In the entries below, find each line where the word "switchEnable" appears and give only the total count of such lines.

= = = = =

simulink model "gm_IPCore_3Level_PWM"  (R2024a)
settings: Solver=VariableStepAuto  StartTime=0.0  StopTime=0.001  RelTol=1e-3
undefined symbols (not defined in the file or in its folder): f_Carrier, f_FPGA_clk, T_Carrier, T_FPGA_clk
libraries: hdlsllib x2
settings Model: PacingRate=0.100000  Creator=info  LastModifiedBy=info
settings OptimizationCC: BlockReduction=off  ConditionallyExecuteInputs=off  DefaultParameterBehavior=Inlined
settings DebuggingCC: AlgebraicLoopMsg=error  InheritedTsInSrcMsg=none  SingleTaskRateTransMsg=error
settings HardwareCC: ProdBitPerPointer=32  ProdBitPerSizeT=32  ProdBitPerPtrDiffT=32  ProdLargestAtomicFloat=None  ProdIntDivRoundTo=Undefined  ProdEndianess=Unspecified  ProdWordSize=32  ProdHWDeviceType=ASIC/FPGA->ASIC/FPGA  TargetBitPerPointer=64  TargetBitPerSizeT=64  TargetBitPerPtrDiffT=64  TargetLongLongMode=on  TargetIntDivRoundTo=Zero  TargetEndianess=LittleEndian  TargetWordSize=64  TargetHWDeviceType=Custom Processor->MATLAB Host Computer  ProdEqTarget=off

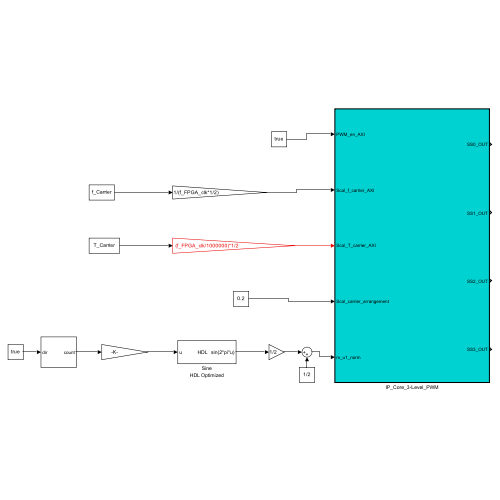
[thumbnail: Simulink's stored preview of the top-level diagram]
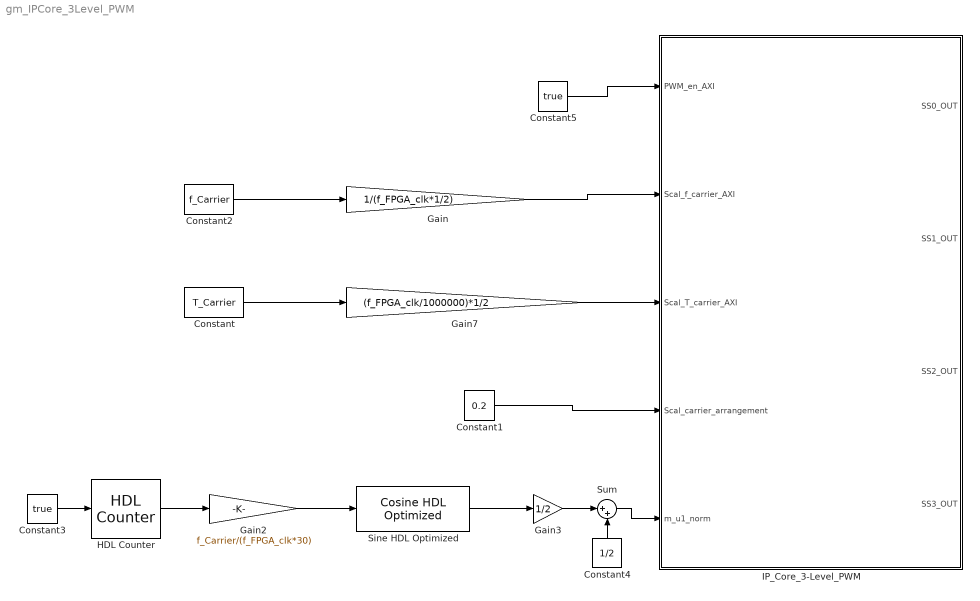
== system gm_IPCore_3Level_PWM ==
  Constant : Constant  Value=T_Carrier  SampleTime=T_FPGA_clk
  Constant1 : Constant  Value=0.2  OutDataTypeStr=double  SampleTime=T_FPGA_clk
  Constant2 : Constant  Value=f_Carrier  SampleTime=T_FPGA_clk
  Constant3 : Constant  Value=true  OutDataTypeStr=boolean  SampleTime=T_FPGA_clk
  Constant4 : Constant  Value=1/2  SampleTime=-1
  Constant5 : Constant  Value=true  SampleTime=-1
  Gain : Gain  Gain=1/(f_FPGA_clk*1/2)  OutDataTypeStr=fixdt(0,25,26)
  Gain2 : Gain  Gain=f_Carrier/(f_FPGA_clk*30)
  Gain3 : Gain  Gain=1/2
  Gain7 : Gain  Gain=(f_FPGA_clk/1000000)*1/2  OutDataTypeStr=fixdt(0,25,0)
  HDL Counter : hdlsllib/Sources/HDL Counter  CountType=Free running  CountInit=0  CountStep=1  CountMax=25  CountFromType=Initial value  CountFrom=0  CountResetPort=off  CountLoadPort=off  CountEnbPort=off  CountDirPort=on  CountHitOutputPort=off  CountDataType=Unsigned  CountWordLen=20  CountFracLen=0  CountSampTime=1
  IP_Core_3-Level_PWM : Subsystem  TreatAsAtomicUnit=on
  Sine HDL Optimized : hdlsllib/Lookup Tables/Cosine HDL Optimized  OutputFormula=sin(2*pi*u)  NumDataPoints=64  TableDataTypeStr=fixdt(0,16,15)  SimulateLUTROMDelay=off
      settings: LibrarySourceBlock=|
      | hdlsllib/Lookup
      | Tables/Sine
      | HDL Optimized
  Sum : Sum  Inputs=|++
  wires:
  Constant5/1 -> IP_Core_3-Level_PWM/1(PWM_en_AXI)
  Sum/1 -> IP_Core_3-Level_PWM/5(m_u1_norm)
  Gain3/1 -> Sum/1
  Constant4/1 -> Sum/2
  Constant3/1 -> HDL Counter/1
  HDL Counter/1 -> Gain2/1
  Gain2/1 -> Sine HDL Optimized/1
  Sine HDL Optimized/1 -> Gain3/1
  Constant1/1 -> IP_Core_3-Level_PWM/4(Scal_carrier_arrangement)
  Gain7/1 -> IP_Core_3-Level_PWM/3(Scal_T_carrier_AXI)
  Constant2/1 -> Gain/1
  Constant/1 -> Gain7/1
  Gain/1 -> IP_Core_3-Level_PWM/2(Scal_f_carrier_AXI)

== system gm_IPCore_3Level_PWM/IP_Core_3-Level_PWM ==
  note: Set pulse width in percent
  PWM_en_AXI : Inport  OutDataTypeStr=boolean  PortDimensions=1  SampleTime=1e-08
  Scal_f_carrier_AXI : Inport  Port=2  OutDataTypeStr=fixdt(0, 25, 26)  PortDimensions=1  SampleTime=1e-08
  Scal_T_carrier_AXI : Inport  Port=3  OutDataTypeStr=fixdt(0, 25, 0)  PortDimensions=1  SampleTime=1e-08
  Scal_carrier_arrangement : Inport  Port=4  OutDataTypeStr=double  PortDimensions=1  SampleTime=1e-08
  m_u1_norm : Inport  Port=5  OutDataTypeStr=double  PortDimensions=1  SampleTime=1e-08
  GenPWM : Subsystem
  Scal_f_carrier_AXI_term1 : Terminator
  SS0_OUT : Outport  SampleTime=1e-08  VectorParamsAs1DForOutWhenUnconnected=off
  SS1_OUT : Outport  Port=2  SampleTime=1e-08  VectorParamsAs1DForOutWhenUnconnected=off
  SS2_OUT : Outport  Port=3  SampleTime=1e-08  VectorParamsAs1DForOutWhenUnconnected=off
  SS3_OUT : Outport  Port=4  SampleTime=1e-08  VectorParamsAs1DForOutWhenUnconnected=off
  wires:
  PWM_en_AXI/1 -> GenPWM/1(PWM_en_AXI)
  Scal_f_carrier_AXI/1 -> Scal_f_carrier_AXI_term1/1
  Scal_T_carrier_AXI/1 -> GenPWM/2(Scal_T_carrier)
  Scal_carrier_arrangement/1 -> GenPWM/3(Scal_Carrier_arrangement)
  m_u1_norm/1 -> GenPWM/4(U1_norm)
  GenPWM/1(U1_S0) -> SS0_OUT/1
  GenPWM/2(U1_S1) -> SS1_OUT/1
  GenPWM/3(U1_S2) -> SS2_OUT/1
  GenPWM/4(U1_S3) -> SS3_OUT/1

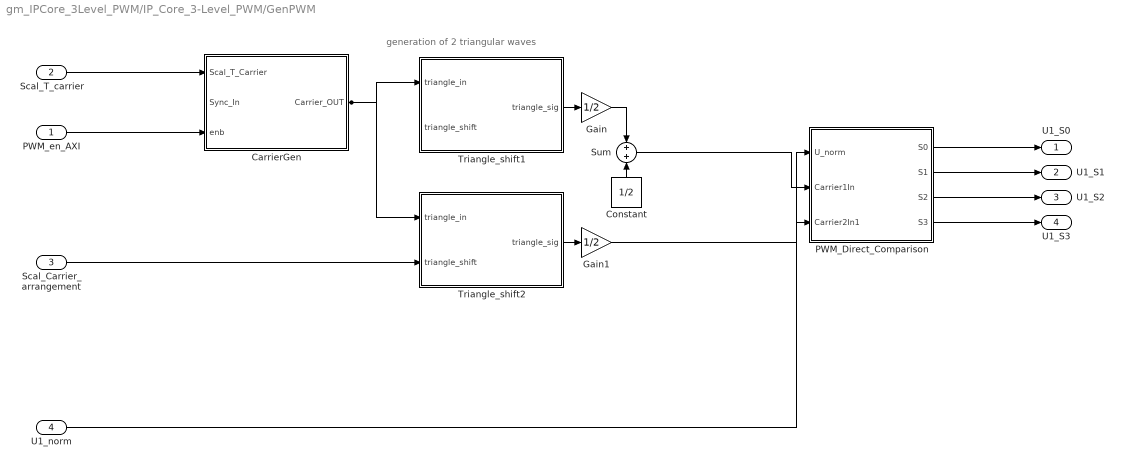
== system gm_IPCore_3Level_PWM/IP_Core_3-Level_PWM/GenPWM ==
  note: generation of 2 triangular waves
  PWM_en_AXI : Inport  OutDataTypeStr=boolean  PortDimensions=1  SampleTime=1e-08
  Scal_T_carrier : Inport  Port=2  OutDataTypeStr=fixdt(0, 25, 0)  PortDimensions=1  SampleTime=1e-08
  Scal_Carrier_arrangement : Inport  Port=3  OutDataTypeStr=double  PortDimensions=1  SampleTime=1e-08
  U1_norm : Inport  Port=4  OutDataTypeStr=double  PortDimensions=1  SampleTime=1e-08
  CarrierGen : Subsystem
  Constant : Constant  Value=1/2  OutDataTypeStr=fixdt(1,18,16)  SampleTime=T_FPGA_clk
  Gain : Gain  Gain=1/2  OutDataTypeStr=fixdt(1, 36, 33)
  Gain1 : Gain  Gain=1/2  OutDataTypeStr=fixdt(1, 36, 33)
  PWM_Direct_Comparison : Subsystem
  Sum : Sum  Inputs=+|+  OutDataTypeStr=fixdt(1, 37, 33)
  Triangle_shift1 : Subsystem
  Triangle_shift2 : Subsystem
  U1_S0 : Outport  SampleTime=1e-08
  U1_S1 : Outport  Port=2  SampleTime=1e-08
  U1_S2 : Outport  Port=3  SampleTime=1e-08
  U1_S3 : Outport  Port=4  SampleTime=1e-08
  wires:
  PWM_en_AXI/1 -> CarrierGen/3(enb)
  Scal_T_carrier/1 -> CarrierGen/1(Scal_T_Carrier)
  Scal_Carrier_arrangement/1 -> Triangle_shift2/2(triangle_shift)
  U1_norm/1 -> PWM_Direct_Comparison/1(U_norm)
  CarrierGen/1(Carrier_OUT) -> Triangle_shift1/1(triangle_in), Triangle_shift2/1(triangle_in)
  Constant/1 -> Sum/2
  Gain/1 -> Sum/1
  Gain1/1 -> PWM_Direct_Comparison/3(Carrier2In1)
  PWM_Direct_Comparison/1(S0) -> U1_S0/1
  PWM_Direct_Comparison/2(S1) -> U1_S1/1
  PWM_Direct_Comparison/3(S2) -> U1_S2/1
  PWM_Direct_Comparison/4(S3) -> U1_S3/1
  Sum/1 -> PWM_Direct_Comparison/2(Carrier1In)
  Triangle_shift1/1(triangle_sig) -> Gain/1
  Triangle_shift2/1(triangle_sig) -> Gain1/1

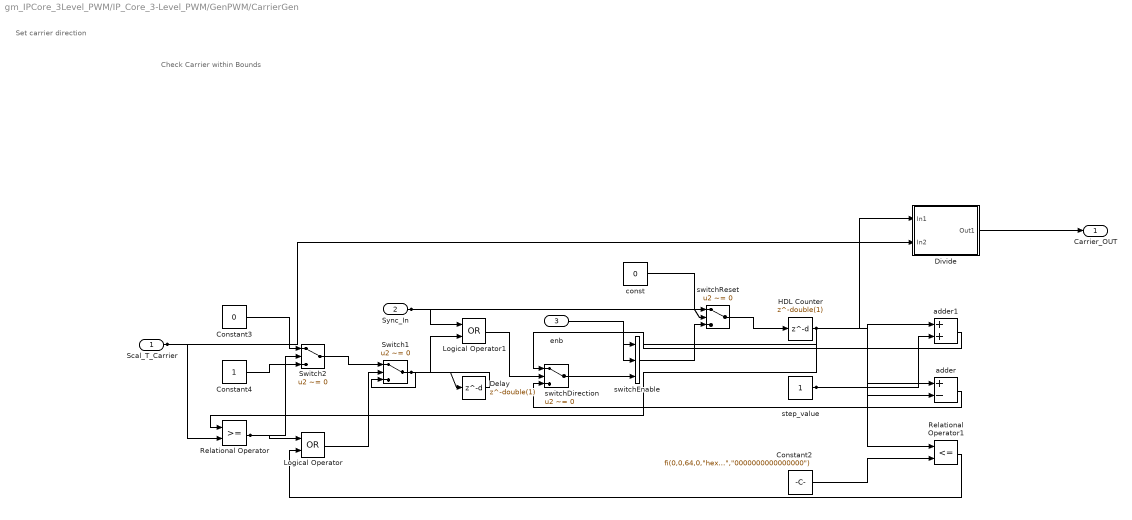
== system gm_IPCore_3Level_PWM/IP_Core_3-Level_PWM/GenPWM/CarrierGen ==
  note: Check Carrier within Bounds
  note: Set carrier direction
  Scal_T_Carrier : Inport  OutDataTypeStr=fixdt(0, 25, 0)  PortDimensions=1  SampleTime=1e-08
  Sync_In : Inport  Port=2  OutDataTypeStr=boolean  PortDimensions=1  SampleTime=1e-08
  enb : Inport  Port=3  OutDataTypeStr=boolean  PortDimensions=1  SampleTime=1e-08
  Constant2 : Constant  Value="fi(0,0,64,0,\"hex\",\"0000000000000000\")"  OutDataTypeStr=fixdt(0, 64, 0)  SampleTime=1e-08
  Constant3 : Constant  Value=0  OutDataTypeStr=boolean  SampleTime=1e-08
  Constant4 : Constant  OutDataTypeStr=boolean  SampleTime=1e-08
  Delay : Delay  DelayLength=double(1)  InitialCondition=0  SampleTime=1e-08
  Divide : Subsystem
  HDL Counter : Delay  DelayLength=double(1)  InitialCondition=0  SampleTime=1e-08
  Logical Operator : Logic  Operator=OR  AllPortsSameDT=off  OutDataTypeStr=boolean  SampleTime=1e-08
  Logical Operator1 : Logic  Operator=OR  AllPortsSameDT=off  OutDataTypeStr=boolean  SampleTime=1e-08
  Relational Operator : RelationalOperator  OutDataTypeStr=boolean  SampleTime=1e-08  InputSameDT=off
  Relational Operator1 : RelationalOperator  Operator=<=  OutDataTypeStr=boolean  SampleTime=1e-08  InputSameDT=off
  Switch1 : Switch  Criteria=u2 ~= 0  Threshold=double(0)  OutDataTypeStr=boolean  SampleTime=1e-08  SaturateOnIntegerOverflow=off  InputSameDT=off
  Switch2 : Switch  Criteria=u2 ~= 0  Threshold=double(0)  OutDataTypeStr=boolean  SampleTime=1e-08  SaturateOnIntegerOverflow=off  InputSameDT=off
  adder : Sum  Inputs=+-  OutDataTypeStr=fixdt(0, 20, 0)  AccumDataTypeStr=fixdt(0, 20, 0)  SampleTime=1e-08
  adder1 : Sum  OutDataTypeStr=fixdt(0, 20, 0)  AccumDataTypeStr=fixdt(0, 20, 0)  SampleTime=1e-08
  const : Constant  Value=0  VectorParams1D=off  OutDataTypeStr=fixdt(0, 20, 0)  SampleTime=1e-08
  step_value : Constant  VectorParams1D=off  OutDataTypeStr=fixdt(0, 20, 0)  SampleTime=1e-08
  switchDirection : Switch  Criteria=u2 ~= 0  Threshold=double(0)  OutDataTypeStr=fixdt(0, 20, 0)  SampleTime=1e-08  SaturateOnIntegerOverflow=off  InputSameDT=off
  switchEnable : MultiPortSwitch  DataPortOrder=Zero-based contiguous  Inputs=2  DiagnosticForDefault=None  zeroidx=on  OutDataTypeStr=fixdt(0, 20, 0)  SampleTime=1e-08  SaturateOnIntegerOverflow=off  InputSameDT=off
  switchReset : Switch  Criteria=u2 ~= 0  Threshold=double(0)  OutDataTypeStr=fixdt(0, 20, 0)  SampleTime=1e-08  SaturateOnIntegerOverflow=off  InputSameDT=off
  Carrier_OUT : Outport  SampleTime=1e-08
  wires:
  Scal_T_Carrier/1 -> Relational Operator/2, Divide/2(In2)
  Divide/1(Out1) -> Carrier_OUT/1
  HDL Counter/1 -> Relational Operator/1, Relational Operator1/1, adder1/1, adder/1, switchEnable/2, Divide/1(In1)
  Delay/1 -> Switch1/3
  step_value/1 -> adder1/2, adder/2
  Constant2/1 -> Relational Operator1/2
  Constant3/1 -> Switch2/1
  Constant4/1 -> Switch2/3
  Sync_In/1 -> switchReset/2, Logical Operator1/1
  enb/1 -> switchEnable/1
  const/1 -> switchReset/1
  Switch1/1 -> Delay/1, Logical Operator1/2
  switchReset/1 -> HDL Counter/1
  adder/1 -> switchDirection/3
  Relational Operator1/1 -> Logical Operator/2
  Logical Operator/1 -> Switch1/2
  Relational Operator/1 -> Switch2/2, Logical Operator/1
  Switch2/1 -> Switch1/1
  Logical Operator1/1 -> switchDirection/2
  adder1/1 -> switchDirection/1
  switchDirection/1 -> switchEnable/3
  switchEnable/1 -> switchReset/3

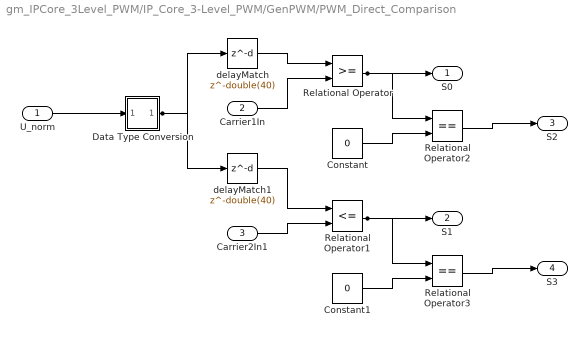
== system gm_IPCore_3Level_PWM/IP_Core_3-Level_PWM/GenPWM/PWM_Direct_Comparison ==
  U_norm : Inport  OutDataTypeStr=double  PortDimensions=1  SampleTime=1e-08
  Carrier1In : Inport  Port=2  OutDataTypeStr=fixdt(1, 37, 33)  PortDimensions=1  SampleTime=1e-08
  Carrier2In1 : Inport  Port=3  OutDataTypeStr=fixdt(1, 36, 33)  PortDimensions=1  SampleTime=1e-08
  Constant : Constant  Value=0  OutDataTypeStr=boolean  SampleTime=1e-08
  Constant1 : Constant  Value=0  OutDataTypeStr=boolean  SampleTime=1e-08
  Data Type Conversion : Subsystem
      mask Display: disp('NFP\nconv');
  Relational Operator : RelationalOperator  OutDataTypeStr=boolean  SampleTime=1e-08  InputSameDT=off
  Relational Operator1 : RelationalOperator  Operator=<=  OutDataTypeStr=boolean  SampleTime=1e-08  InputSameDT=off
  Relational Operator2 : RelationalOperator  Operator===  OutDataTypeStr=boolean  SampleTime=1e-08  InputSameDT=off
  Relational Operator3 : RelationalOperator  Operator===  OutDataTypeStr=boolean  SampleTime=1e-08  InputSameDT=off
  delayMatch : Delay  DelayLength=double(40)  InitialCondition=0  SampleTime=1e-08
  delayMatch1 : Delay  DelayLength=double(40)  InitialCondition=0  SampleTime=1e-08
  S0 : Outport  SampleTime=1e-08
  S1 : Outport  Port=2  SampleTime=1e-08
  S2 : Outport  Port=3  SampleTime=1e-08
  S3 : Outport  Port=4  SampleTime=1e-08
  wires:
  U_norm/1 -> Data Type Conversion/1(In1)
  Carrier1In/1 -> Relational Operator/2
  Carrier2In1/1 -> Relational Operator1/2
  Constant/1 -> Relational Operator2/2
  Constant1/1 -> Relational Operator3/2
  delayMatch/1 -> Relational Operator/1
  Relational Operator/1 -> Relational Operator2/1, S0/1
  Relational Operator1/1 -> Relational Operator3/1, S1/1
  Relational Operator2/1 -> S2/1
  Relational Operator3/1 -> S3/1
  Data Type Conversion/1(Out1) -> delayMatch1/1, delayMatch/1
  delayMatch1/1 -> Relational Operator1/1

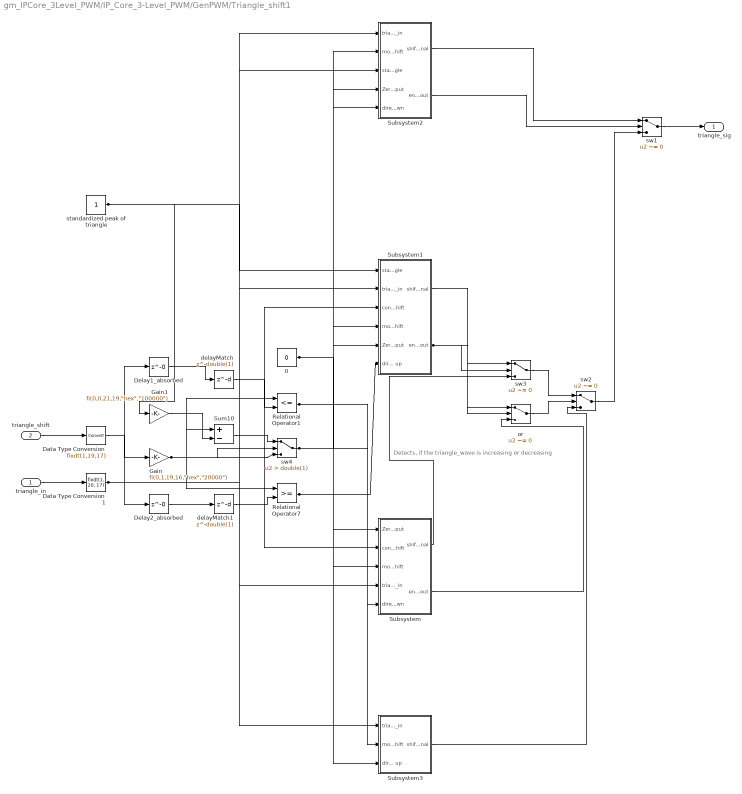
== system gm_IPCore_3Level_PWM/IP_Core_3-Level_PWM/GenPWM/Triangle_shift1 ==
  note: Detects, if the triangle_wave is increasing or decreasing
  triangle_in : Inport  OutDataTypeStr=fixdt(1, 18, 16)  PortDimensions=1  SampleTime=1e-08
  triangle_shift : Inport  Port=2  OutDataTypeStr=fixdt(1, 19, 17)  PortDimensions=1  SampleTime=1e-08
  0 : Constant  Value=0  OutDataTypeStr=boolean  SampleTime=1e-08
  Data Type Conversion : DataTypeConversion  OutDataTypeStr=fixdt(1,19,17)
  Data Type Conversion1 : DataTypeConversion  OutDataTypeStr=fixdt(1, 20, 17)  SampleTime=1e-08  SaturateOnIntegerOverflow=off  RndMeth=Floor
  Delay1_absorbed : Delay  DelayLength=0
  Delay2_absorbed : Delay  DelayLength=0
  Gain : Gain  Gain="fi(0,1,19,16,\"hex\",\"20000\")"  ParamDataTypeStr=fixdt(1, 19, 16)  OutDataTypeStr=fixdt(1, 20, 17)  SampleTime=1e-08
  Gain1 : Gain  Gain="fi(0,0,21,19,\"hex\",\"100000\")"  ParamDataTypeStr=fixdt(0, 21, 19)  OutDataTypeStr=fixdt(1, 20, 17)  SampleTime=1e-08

= = = = =

Exercise response
5